Bacteria On Ancient Flea Linked To The Plague

A 20-million-year-old flea, preserved in amber, is potentially holding an ancestral strain of the Black Death, one of the world’s deadliest pandemics in human history. The infamous plague claimed the lives of 75-200 million people before peaking in Europe during the mid-14th century.

ANCIENT FLEA LINKED TO THE BLACK DEATH

According to researchers in a new study, now published in the Journal of Medical Entomology, the bacteria is believed to be an ancient strain of Yersinia pestis, a bacillus that was once carried by fleas on rats. The bacteria were discovered on the proboscis of the flea, as well as inside its rectum.
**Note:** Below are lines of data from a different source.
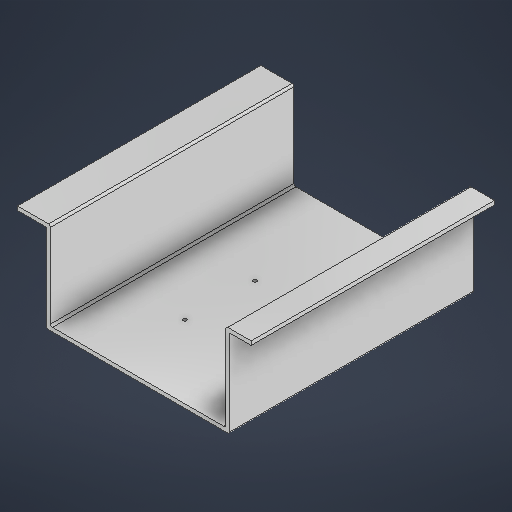
# Autodesk Inventor part: Lower joint housing
Saved by Autodesk Inventor 2026.3 (Build 303398000, 398)
## iProperties
Created: 2026-07-26
Part Number: Lower joint housing
Material: Generic
Document SubType Name: Sheet Metal
Designer: matot
Density: 1 g/cm^3
Sheet Metal Rule: Default_mm
Appearance: Default
Author: matot
Autodesk Inventor part; units mm, degrees
ref_plane "YZ Plane" through (0, 0, 0) normal (1, 0, 0) x (0, 1, 0)
ref_plane "XZ Plane" through (0, 0, 0) normal (0, 1, 0) x (-1, 0, 0)
ref_plane "XY Plane" through (0, 0, 0) normal (0, 0, 1) x (1, 0, 0)
sketch "Sketch1" plane through (0, 0, 0) normal (0, 0, 1) x (1, 0, 0)
  line L0 (98, 0) -> (98, -90)
  line L1 (98, -90) -> (-90, -90)
  line L2 (-90, -90) -> (-90, 0)
  line L3 (120, 4) -> (120, 0)
  line L4 (120, 0) -> (-120, 0)
  line L5 (-120, 0) -> (-120, 4)
  line L6 (-86, 4) -> (94, 4)
  line L7 (94, 4) -> (94, -86)
  line L8 (94, -86) -> (-86, -86)
  line L9 (-86, -86) -> (-86, 4)
  line L10 (-90, 0) -> (-86, 0)
  line L11 (94, 0) -> (98, 0)
  line L12 (-120, 4) -> (-86, 4)
  line L13 (94, 4) -> (120, 4)
  point P0 (0, 0)
  point P1 (0, -4)
  point P2 (120, 2)
  point P3 (98, 0)
  dimension "d0" = 188
  dimension "d1" = 90
  dimension "d3" = 90
  dimension "d4" = 240
  dimension "d5" = 120
  dimension "d8" = 90
  dimension "d9" = 180
  dimension "d10" = 4
  dimension "d13" = 0
  dimension "d14" = 4
  constraints: 28 end point, 8 parallel, 5 horizontal, 5 perpendicular, 2 point on line, 1 midpoint
  measures "d0" distance of L0.end L1.end
  measures "d1" distance of L0.start L0.end
  measures "d3" distance from line of point (0, 0) L2
  measures "d4" distance of L5.end L3.start
  measures "d5" horizontal distance of point (0, -4) point (120, 2)
  measures "d8" distance of L6.end L7.end
  measures "d9" distance of L7.end L8.end
  measures "d10" distance between parallel lines of L0 L7
  measures "d13" distance from line of point (0, 0) L4
  measures "d14" distance between parallel lines of L4 L12
extrude "Extrusion1" add sketch "Sketch1" along normal blind 250 contours L4 L7 L13 L3 | L0 L1 L2 L4 L9 L8 L7 | L4 L5 L12 L9
fillet "Fillet1" radius 2 4 edges at (-86, -86, 125) (-86, 4, 125) (94, 4, 125) (98, -90, 125)
fillet "Fillet2" radius 2 2 edges at (-90, -90, 125) (94, -86, 125)
sketch "Sketch3" plane through (-84, -86, 250) normal (0, 1, 0) x (1, 0, 0)
  line L0 (-2, 0) -> (-2, 250) projected
  line L1 (176, 0) -> (0, 0) projected
  point P0 (84, 250)
  point P1 (114.75, 74.7)
  point P2 (61.25, 74.7)
  dimension "d28" = 53.5
  dimension "d29" = 63.25
  dimension "d30" = 0
  dimension "d31" = 74.7
  measures "d28" distance of point (61.25, 74.7) point (114.75, 74.7)
  measures "d29" distance from line of L0 point (61.25, 74.7)
  measures "d30" vertical distance of point (114.75, 74.7) point (61.25, 74.7)
  measures "d31" distance from line of L1 point (61.25, 74.7)
hole "Hole2" at (30.75, -86, 175.3) at (-22.75, -86, 175.3) direction (0, -1, 0) diameter 3.4587 end through all thread size "M4x0.5" class "6H" standard "ISO Metric profile"
sketch "Sketch4" plane through (-84, -86, 250) normal (0, 1, 0) x (1, 0, 0)
  circle A0 centre (61.25, 74.7) radius 1.7294 projected
  circle A1 centre (114.75, 74.7) radius 1.7294 projected
  point P0 (84, 250)
  point P1 (116.1732, 145.3)
  point P2 (62.6732, 145.3)
  dimension "d39" = 53.5
  dimension "d40" = 70.6
  dimension "d41" = 70.6
  measures "d39" distance of point (62.673, 145.3) point (116.173, 145.3)
  measures "d40" vertical distance of A0.centre point (62.673, 145.3)
  measures "d41" vertical distance of A1.centre point (116.173, 145.3)
hole "Hole3" at (32.1732, -86, 104.7) at (-21.3268, -86, 104.7) direction (0, -1, 0) diameter 3.4587 end through all thread size "M4x0.5" class "6H" standard "ISO Metric profile"
equation "\"BendRadius\" = Thickness"
equation "\"BendReliefWidth\" = Thickness"
equation "\"BendReliefDepth\" = 0.5 * Thickness"
equation "\"CornerReliefSize\" = 4 * Thickness"
equation "\"MinimumRemnant\" = 2 * Thickness"
equation "\"TransitionRadius\" = BendRadius"
equation "\"JacobiRadiusSize\" = BendRadius"
equation "\"GapSize\" = Thickness"
equation "\"Thickness\" = 0.5"
body "Solid1"

“Aside from physical characteristics of the fossil bacteria that are similar to plague bacteria, their location in the rectum of the flea is known to occur in modern plague bacteria,” stated George Poinar, Jr., the study author and an entomology researcher. Moreover, “the presence of the bacteria on the proboscis is “consistent with the method of transmission of plague bacteria by modern fleas.”

The amber was found in amber mines in the Dominican Republic, between Puerto Plata and Santiago – once the site of a tropical forest. Although scientists are not 100 percent certain of the relationship between the bacteria and Yersinia pestis, a close examination of the find suggests that they are indeed related. The bacteria on the flea has features that match the modern forms of the bubonic plague bacteria, which can be characterized by their unique shape.

The discovery is causing scientists to rethink the evolutionary history of fleas, which are thought to have become disease vectors around 20,000 years ago. Today, there is evidence that suggests that past outbreaks of the Black Death were actually caused by different strains.

Fossilized flea-like creatures have also been discovered dating back to the Dino Era, which could mean the plague might have been an ancient disease that was “infecting and possibly causing some extinction of animals long before any humans existed.” Who knows…maybe comets are not to blame for the demise of the dinosaurs after all. “Plague may have played a larger role in the past than we imagined,” stated Poinar.